### Task item
Nothing but the lines from the start of the data through the line with "- removed J?: Conn_01x09, symbol" should appear in the answer, each retyped exactly, and pictures should not.

[Data items]
------------------------------------------------------------------------

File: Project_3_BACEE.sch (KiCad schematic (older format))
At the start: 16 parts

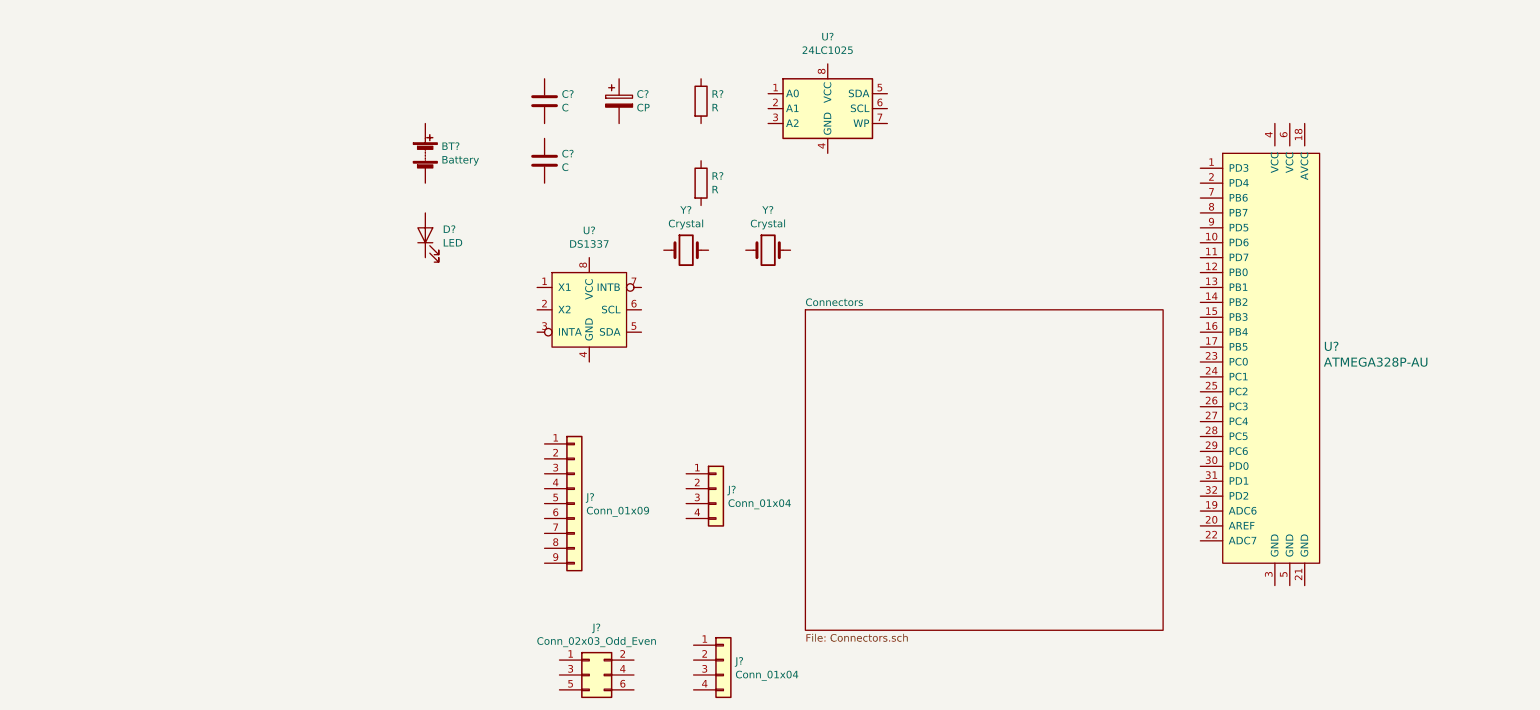
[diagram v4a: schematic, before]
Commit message: Arranged symbols.
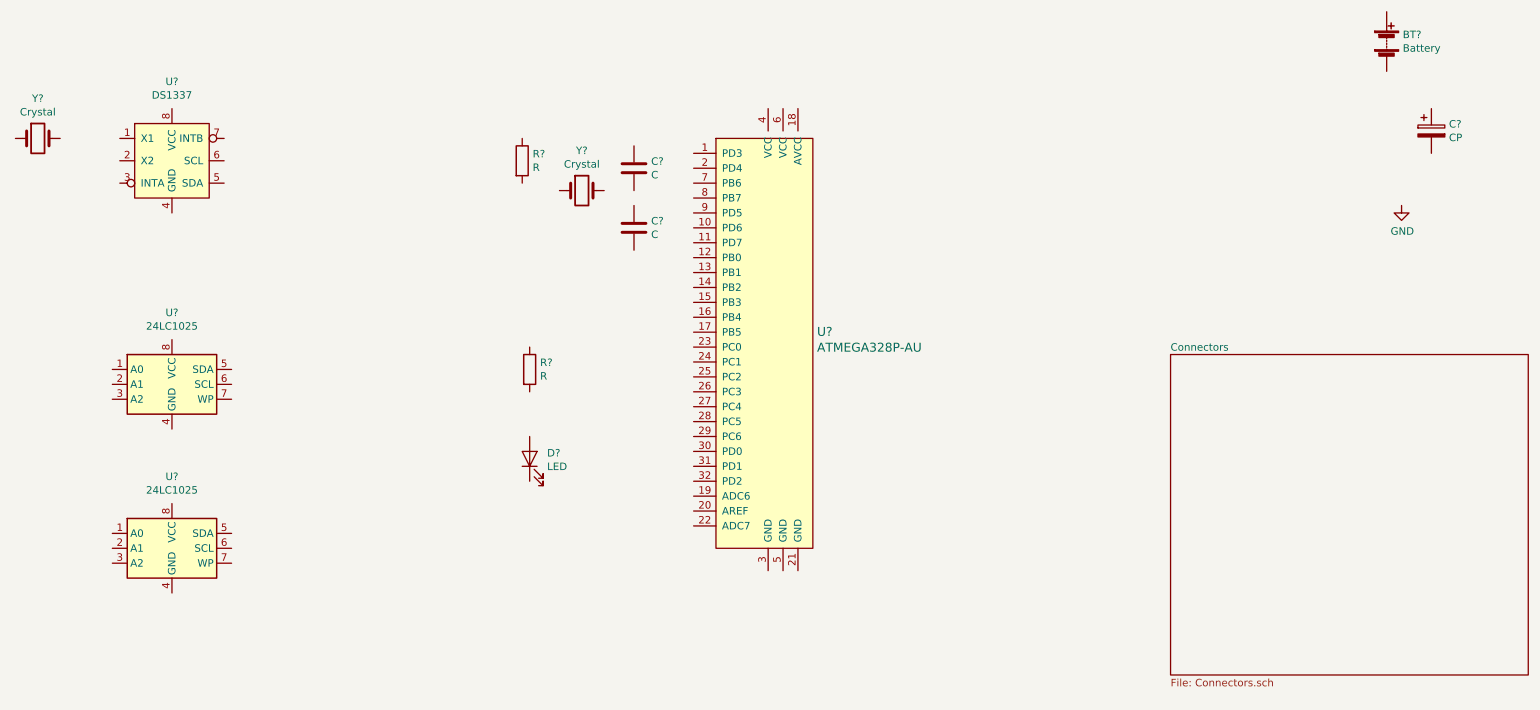
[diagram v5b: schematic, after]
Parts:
- removed J?: Conn_01x09, symbol Connector_Generic:Conn_01x09
- removed J? (x2): Conn_01x04, symbol Connector_Generic:Conn_01x04
- removed J?: Conn_02x03_Odd_Even, symbol Connector_Generic:Conn_02x03_Odd_Even
- added U?: 24LC1025, symbol Memory_EEPROM:24LC1025
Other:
- moved on the sheet: BT?, C?, D?, R?, U?, Y?
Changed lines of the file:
@@
 L Device:Battery BT?
 U 1 1 5D8368FA
-P 3700 2550
-F 0 "BT?" H 3808 2596 50  0000 L CNN
-F 1 "Battery" H 3808 2505 50  0000 L CNN
-F 2 "" V 3700 2610 50  0001 C CNN
-F 3 "~" V 3700 2610 50  0001 C CNN
-	1    3700 2550
+P 10150 1800
+F 0 "BT?" H 10258 1846 50  0000 L CNN
+F 1 "Battery" H 10258 1755 50  0000 L CNN
+F 2 "" V 10150 1860 50  0001 C CNN
+F 3 "~" V 10150 1860 50  0001 C CNN
+	1    10150 1800
 	1    0    0    -1
 $EndComp
@@
 L Device:C C?
 U 1 1 5D837139
-P 4500 2200
-F 0 "C?" H 4615 2246 50  0000 L CNN
-F 1 "C" H 4615 2155 50  0000 L CNN
-F 2 "" H 4538 2050 50  0001 C CNN
-F 3 "~" H 4500 2200 50  0001 C CNN
-	1    4500 2200
+P 5100 2650
+F 0 "C?" H 5215 2696 50  0000 L CNN
+F 1 "C" H 5215 2605 50  0000 L CNN
+F 2 "" H 5138 2500 50  0001 C CNN
+F 3 "~" H 5100 2650 50  0001 C CNN
+	1    5100 2650
 	1    0    0    -1
 $EndComp
@@
 L Device:C C?
 U 1 1 5D837758
-P 4500 2600
-F 0 "C?" H 4615 2646 50  0000 L CNN
-F 1 "C" H 4615 2555 50  0000 L CNN
-F 2 "" H 4538 2450 50  0001 C CNN
-F 3 "~" H 4500 2600 50  0001 C CNN
-	1    4500 2600
+P 5100 3050
+F 0 "C?" H 5215 3096 50  0000 L CNN
+F 1 "C" H 5215 3005 50  0000 L CNN
+F 2 "" H 5138 2900 50  0001 C CNN
+F 3 "~" H 5100 3050 50  0001 C CNN
+	1    5100 3050
 	1    0    0    -1
 $EndComp
@@
 L Device:CP C?
 U 1 1 5D837C3D
-P 5000 2200
-F 0 "C?" H 5118 2246 50  0000 L CNN
-F 1 "CP" H 5118 2155 50  0000 L CNN
-F 2 "" H 5038 2050 50  0001 C CNN
-F 3 "~" H 5000 2200 50  0001 C CNN
-	1    5000 2200
+P 10450 2400
+F 0 "C?" H 10568 2446 50  0000 L CNN
+F 1 "CP" H 10568 2355 50  0000 L CNN
+F 2 "" H 10488 2250 50  0001 C CNN
+F 3 "~" H 10450 2400 50  0001 C CNN
+	1    10450 2400
 	1    0    0    -1
 $EndComp
@@
 L Device:LED D?
 U 1 1 5D8380C0
-P 3700 3100
-F 0 "D?" V 3739 2983 50  0000 R CNN
-F 1 "LED" V 3648 2983 50  0000 R CNN
-F 2 "" H 3700 3100 50  0001 C CNN
-F 3 "~" H 3700 3100 50  0001 C CNN
-	1    3700 3100
+P 4400 4600
+F 0 "D?" V 4439 4483 50  0000 R CNN
+F 1 "LED" V 4348 4483 50  0000 R CNN
+F 2 "" H 4400 4600 50  0001 C CNN
+F 3 "~" H 4400 4600 50  0001 C CNN
+	1    4400 4600
 	0    -1   -1   0
 $EndComp
@@
 L Device:R R?
 U 1 1 5D8396B9
-P 5550 2200
-F 0 "R?" H 5620 2246 50  0000 L CNN
-F 1 "R" H 5620 2155 50  0000 L CNN
-F 2 "" V 5480 2200 50  0001 C CNN
-F 3 "~" H 5550 2200 50  0001 C CNN
-	1    5550 2200
+P 4350 2600
+F 0 "R?" H 4420 2646 50  0000 L CNN
+F 1 "R" H 4420 2555 50  0000 L CNN
+F 2 "" V 4280 2600 50  0001 C CNN
+F 3 "~" H 4350 2600 50  0001 C CNN
+	1    4350 2600
 	1    0    0    -1
 $EndComp
@@
 L Device:R R?
 U 1 1 5D839B71
-P 5550 2750
-F 0 "R?" H 5620 2796 50  0000 L CNN
-F 1 "R" H 5620 2705 50  0000 L CNN
-F 2 "" V 5480 2750 50  0001 C CNN
-F 3 "~" H 5550 2750 50  0001 C CNN
-	1    5550 2750
+P 4400 4000
+F 0 "R?" H 4470 4046 50  0000 L CNN
+F 1 "R" H 4470 3955 50  0000 L CNN
+F 2 "" V 4330 4000 50  0001 C CNN
+F 3 "~" H 4400 4000 50  0001 C CNN
+	1    4400 4000
 	1    0    0    -1
 $EndComp
@@
 L Memory_EEPROM:24LC1025 U?
 U 1 1 5D83A291
-P 6400 2250
-F 0 "U?" H 6400 2731 50  0000 C CNN
-F 1 "24LC1025" H 6400 2640 50  0000 C CNN
-F 2 "" H 6400 2250 50  0001 C CNN
-F 3 "http://ww1.microchip.com/downloads/en/DeviceDoc/21941B.pdf" H 6400 2250 50  0001 C CNN
-	1    6400 2250
+P 2000 4100
+F 0 "U?" H 2000 4581 50  0000 C CNN
+F 1 "24LC1025" H 2000 4490 50  0000 C CNN
+F 2 "" H 2000 4100 50  0001 C CNN
+F 3 "http://ww1.microchip.com/downloads/en/DeviceDoc/21941B.pdf" H 2000 4100 50  0001 C CNN
+	1    2000 4100
 	1    0    0    -1
 $EndComp
 $Sheet
-S 6250 3600 2400 2150
+S 8700 3900 2400 2150
 U 5D83B0D5
 F0 "Connectors" 50
@@
 $EndSheet
 $Comp
-L Connector_Generic:Conn_01x09 J?
-U 1 1 5D83BD36
-P 4700 4900
-F 0 "J?" H 4780 4942 50  0000 L CNN
-F 1 "Conn_01x09" H 4780 4851 50  0000 L CNN
-F 2 "" H 4700 4900 50  0001 C CNN
-F 3 "~" H 4700 4900 50  0001 C CNN
-	1    4700 4900
-	1    0    0    -1
-$EndComp
-$Comp
-L Connector_Generic:Conn_01x04 J?
-U 1 1 5D83CD16
-P 5650 4800
-F 0 "J?" H 5730 4792 50  0000 L CNN
-F 1 "Conn_01x04" H 5730 4701 50  0000 L CNN
-F 2 "" H 5650 4800 50  0001 C CNN
-F 3 "~" H 5650 4800 50  0001 C CNN
-	1    5650 4800
-	1    0    0    -1
-$EndComp
-$Comp
-L Connector_Generic:Conn_02x03_Odd_Even J?
-U 1 1 5D83D5F4
-P 4800 6050
-F 0 "J?" H 4850 6367 50  0000 C CNN
-F 1 "Conn_02x03_Odd_Even" H 4850 6276 50  0000 C CNN
-F 2 "" H 4800 6050 50  0001 C CNN
-F 3 "~" H 4800 6050 50  0001 C CNN
-	1    4800 6050
-	1    0    0    -1
-$EndComp
-$Comp
-L Connector_Generic:Conn_01x04 J?
-U 1 1 5D83E499
-P 5700 5950
-F 0 "J?" H 5780 5942 50  0000 L CNN
-F 1 "Conn_01x04" H 5780 5851 50  0000 L CNN
-F 2 "" H 5700 5950 50  0001 C CNN
-F 3 "~" H 5700 5950 50  0001 C CNN
-	1    5700 5950
-	1    0    0    -1
-$EndComp
-$Comp
 L dk_Embedded-Microcontrollers:ATMEGA328P-AU U?
 U 1 1 5D839D67
-P 9400 3950
-F 0 "U?" H 9728 4053 60  0000 L CNN
-F 1 "ATMEGA328P-AU" H 9728 3947 60  0000 L CNN
-F 2 "digikey-footprints:TQFP-32_7x7mm" H 9600 4150 60  0001 L CNN
-F 3 "http://www.microchip.com/mymicrochip/filehandler.aspx?ddocname=en608326" H 9600 4250 60  0001 L CNN
-F 4 "ATMEGA328P-AU-ND" H 9600 4350 60  0001 L CNN "Digi-Key_PN"
-F 5 "ATMEGA328P-AU" H 9600 4450 60  0001 L CNN "MPN"
-F 6 "Integrated Circuits (ICs)" H 9600 4550 60  0001 L CNN "Category"
-F 7 "Embedded - Microcontrollers" H 9600 4650 60  0001 L CNN "Family"
-F 8 "http://www.microchip.com/mymicrochip/filehandler.aspx?ddocname=en608326" H 9600 4750 60  0001 L CNN "DK_Datasheet_Link"
-F 9 "/product-detail/en/microchip-technology/ATMEGA328P-AU/ATMEGA328P-AU-ND/1832260" H 9600 4850 60  0001 L CNN "DK_Detail_Page"
-F 10 "IC MCU 8BIT 32KB FLASH 32TQFP" H 9600 4950 60  0001 L CNN "Description"
-F 11 "Microchip Technology" H 9600 5050 60  0001 L CNN "Manufacturer"
-F 12 "Active" H 9600 5150 60  0001 L CNN "Status"
-	1    9400 3950
+P 6000 3850
+F 0 "U?" H 6328 3953 60  0000 L CNN
+F 1 "ATMEGA328P-AU" H 6328 3847 60  0000 L CNN
+F 2 "digikey-footprints:TQFP-32_7x7mm" H 6200 4050 60  0001 L CNN
+F 3 "http://www.microchip.com/mymicrochip/filehandler.aspx?ddocname=en608326" H 6200 4150 60  0001 L CNN
+F 4 "ATMEGA328P-AU-ND" H 6200 4250 60  0001 L CNN "Digi-Key_PN"
+F 5 "ATMEGA328P-AU" H 6200 4350 60  0001 L CNN "MPN"
+F 6 "Integrated Circuits (ICs)" H 6200 4450 60  0001 L CNN "Category"
+F 7 "Embedded - Microcontrollers" H 6200 4550 60  0001 L CNN "Family"
+F 8 "http://www.microchip.com/mymicrochip/filehandler.aspx?ddocname=en608326" H 6200 4650 60  0001 L CNN "DK_Datasheet_Link"
+F 9 "/product-detail/en/microchip-technology/ATMEGA328P-AU/ATMEGA328P-AU-ND/1832260" H 6200 4750 60  0001 L CNN "DK_Detail_Page"
+F 10 "IC MCU 8BIT 32KB FLASH 32TQFP" H 6200 4850 60  0001 L CNN "Description"
+F 11 "Microchip Technology" H 6200 4950 60  0001 L CNN "Manufacturer"
+F 12 "Active" H 6200 5050 60  0001 L CNN "Status"
+	1    6000 3850
 	1    0    0    -1
 $EndComp
@@
 L Real_Time_Clock:DS1337 U?
 U 1 1 5D83D55D
-P 4800 3600
-F 0 "U?" H 4800 4131 50  0000 C CNN
-F 1 "DS1337" H 4800 4040 50  0000 C CNN
-F 2 "" H 5050 4350 50  0001 C CNN
-F 3 "http://www.farnell.com/datasheets/2000844.pdf?_ga=2.177508589.917776798.1568905288-909876714.1550950510&_gac=1.216414692.1568905288.Cj0KCQjwzozsBRCNARIsAEM9kBOgoySVZbm8O6iFhnJvaEFTPgnKihPjdqZAtUZmWq1n3gbdbDGyVXUaAgFCEALw_wcB" H 5050 4350 50  0001 C CNN
-	1    4800 3600
+P 2000 2600
+F 0 "U?" H 2000 3131 50  0000 C CNN
+F 1 "DS1337" H 2000 3040 50  0000 C CNN
+F 2 "" H 2250 3350 50  0001 C CNN
+F 3 "http://www.farnell.com/datasheets/2000844.pdf?_ga=2.177508589.917776798.1568905288-909876714.1550950510&_gac=1.216414692.1568905288.Cj0KCQjwzozsBRCNARIsAEM9kBOgoySVZbm8O6iFhnJvaEFTPgnKihPjdqZAtUZmWq1n3gbdbDGyVXUaAgFCEALw_wcB" H 2250 3350 50  0001 C CNN
+	1    2000 2600
 	1    0    0    -1
 $EndComp
@@
 L Device:Crystal Y?
 U 1 1 5D83E063
-P 5450 3200
-F 0 "Y?" H 5450 3468 50  0000 C CNN
-F 1 "Crystal" H 5450 3377 50  0000 C CNN
-F 2 "" H 5450 3200 50  0001 C CNN
-F 3 "~" H 5450 3200 50  0001 C CNN
-	1    5450 3200
+P 1100 2450
+F 0 "Y?" H 1100 2718 50  0000 C CNN
+F 1 "Crystal" H 1100 2627 50  0000 C CNN
+F 2 "" H 1100 2450 50  0001 C CNN
+F 3 "~" H 1100 2450 50  0001 C CNN
+	1    1100 2450
 	1    0    0    -1
 $EndComp
@@
 L Device:Crystal Y?
 U 1 1 5D83E859
-P 6000 3200
-F 0 "Y?" H 6000 3468 50  0000 C CNN
-F 1 "Crystal" H 6000 3377 50  0000 C CNN
-F 2 "" H 6000 3200 50  0001 C CNN
-F 3 "~" H 6000 3200 50  0001 C CNN
-	1    6000 3200
+P 4750 2800
+F 0 "Y?" H 4750 3068 50  0000 C CNN
+F 1 "Crystal" H 4750 2977 50  0000 C CNN
+F 2 "" H 4750 2800 50  0001 C CNN
+F 3 "~" H 4750 2800 50  0001 C CNN
+	1    4750 2800
 	1    0    0    -1
 $EndComp
+$Comp
+L Memory_EEPROM:24LC1025 U?
+U 1 1 5D841166
+P 2000 5200
+F 0 "U?" H 2000 5681 50  0000 C CNN
+F 1 "24LC1025" H 2000 5590 50  0000 C CNN
+F 2 "" H 2000 5200 50  0001 C CNN
+F 3 "http://ww1.microchip.com/downloads/en/DeviceDoc/21941B.pdf" H 2000 5200 50  0001 C CNN
+	1    2000 5200
+	1    0    0    -1
+$EndComp
+$Comp
+L power:GND #PWR?
+U 1 1 5D84B27E
+P 10250 2900
+F 0 "#PWR?" H 10250 2650 50  0001 C CNN
+F 1 "GND" H 10255 2727 50  0000 C CNN
+F 2 "" H 10250 2900 50  0001 C CNN
+F 3 "" H 10250 2900 50  0001 C CNN
+	1    10250 2900
+	1    0    0    -1
+$EndComp

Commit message: Anottated.
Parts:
- gave numbers to parts that had none: 13
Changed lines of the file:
@@
 $EndDescr
 $Comp
-L Device:Battery BT?
+L Device:Battery BT1
 U 1 1 5D8368FA
 P 10150 1800
-F 0 "BT?" H 10258 1846 50  0000 L CNN
+F 0 "BT1" H 10258 1846 50  0000 L CNN
 F 1 "Battery" H 10258 1755 50  0000 L CNN
 F 2 "" V 10150 1860 50  0001 C CNN
@@
 $EndComp
 $Comp
-L Device:C C?
+L Device:C C1
 U 1 1 5D837139
 P 5100 2650
-F 0 "C?" H 5215 2696 50  0000 L CNN
+F 0 "C1" H 5215 2696 50  0000 L CNN
 F 1 "C" H 5215 2605 50  0000 L CNN
 F 2 "" H 5138 2500 50  0001 C CNN
@@
 $EndComp
 $Comp
-L Device:C C?
+L Device:C C2
 U 1 1 5D837758
 P 5100 3050
-F 0 "C?" H 5215 3096 50  0000 L CNN
+F 0 "C2" H 5215 3096 50  0000 L CNN
 F 1 "C" H 5215 3005 50  0000 L CNN
 F 2 "" H 5138 2900 50  0001 C CNN
@@
 $EndComp
 $Comp
-L Device:CP C?
+L Device:CP C3
 U 1 1 5D837C3D
 P 10450 2400
-F 0 "C?" H 10568 2446 50  0000 L CNN
+F 0 "C3" H 10568 2446 50  0000 L CNN
 F 1 "CP" H 10568 2355 50  0000 L CNN
 F 2 "" H 10488 2250 50  0001 C CNN
@@
 $EndComp
 $Comp
-L Device:LED D?
+L Device:LED D1
 U 1 1 5D8380C0
 P 4400 4600
-F 0 "D?" V 4439 4483 50  0000 R CNN
+F 0 "D1" V 4439 4483 50  0000 R CNN
 F 1 "LED" V 4348 4483 50  0000 R CNN
 F 2 "" H 4400 4600 50  0001 C CNN
@@
 $EndComp
 $Comp
-L Device:R R?
+L Device:R R1
 U 1 1 5D8396B9
 P 4350 2600
-F 0 "R?" H 4420 2646 50  0000 L CNN
+F 0 "R1" H 4420 2646 50  0000 L CNN
 F 1 "R" H 4420 2555 50  0000 L CNN
 F 2 "" V 4280 2600 50  0001 C CNN
@@
 $EndComp
 $Comp
-L Device:R R?
+L Device:R R2
 U 1 1 5D839B71
 P 4400 4000
-F 0 "R?" H 4470 4046 50  0000 L CNN
+F 0 "R2" H 4470 4046 50  0000 L CNN
 F 1 "R" H 4470 3955 50  0000 L CNN
 F 2 "" V 4330 4000 50  0001 C CNN
@@
 $EndComp
 $Comp
-L Memory_EEPROM:24LC1025 U?
+L Memory_EEPROM:24LC1025 U2
 U 1 1 5D83A291
 P 2000 4100
-F 0 "U?" H 2000 4581 50  0000 C CNN
+F 0 "U2" H 2000 4581 50  0000 C CNN
 F 1 "24LC1025" H 2000 4490 50  0000 C CNN
 F 2 "" H 2000 4100 50  0001 C CNN
@@
 $EndSheet
 $Comp
-L dk_Embedded-Microcontrollers:ATMEGA328P-AU U?
+L dk_Embedded-Microcontrollers:ATMEGA328P-AU U4
 U 1 1 5D839D67
 P 6000 3850
-F 0 "U?" H 6328 3953 60  0000 L CNN
+F 0 "U4" H 6328 3953 60  0000 L CNN
 F 1 "ATMEGA328P-AU" H 6328 3847 60  0000 L CNN
 F 2 "digikey-footprints:TQFP-32_7x7mm" H 6200 4050 60  0001 L CNN
@@
 $EndComp
 $Comp
-L Real_Time_Clock:DS1337 U?
+L Real_Time_Clock:DS1337 U1
 U 1 1 5D83D55D
 P 2000 2600
-F 0 "U?" H 2000 3131 50  0000 C CNN
+F 0 "U1" H 2000 3131 50  0000 C CNN
 F 1 "DS1337" H 2000 3040 50  0000 C CNN
 F 2 "" H 2250 3350 50  0001 C CNN
@@
 $EndComp
 $Comp
-L Device:Crystal Y?
+L Device:Crystal Y1
 U 1 1 5D83E063
 P 1100 2450
-F 0 "Y?" H 1100 2718 50  0000 C CNN
+F 0 "Y1" H 1100 2718 50  0000 C CNN
 F 1 "Crystal" H 1100 2627 50  0000 C CNN
 F 2 "" H 1100 2450 50  0001 C CNN
@@
 $EndComp
 $Comp
-L Device:Crystal Y?
+L Device:Crystal Y2
 U 1 1 5D83E859
 P 4750 2800
-F 0 "Y?" H 4750 3068 50  0000 C CNN
+F 0 "Y2" H 4750 3068 50  0000 C CNN
 F 1 "Crystal" H 4750 2977 50  0000 C CNN
 F 2 "" H 4750 2800 50  0001 C CNN
@@
 $EndComp
 $Comp
-L Memory_EEPROM:24LC1025 U?
+L Memory_EEPROM:24LC1025 U3
 U 1 1 5D841166
 P 2000 5200
-F 0 "U?" H 2000 5681 50  0000 C CNN
+F 0 "U3" H 2000 5681 50  0000 C CNN
 F 1 "24LC1025" H 2000 5590 50  0000 C CNN
 F 2 "" H 2000 5200 50  0001 C CNN
@@
 $EndComp
 $Comp
-L power:GND #PWR?
+L power:GND #PWR01
 U 1 1 5D84B27E
 P 10250 2900
-F 0 "#PWR?" H 10250 2650 50  0001 C CNN
+F 0 "#PWR01" H 10250 2650 50  0001 C CNN
 F 1 "GND" H 10255 2727 50  0000 C CNN
 F 2 "" H 10250 2900 50  0001 C CNN

------------------------------------------------------------------------

### Reply
File: Project_3_BACEE.sch (KiCad schematic (older format))
At the start: 16 parts

[diagram v4a: schematic, before]
Commit message: Arranged symbols.
[diagram v5b: schematic, after]
Parts:
- removed J?: Conn_01x09, symbol Connector_Generic:Conn_01x09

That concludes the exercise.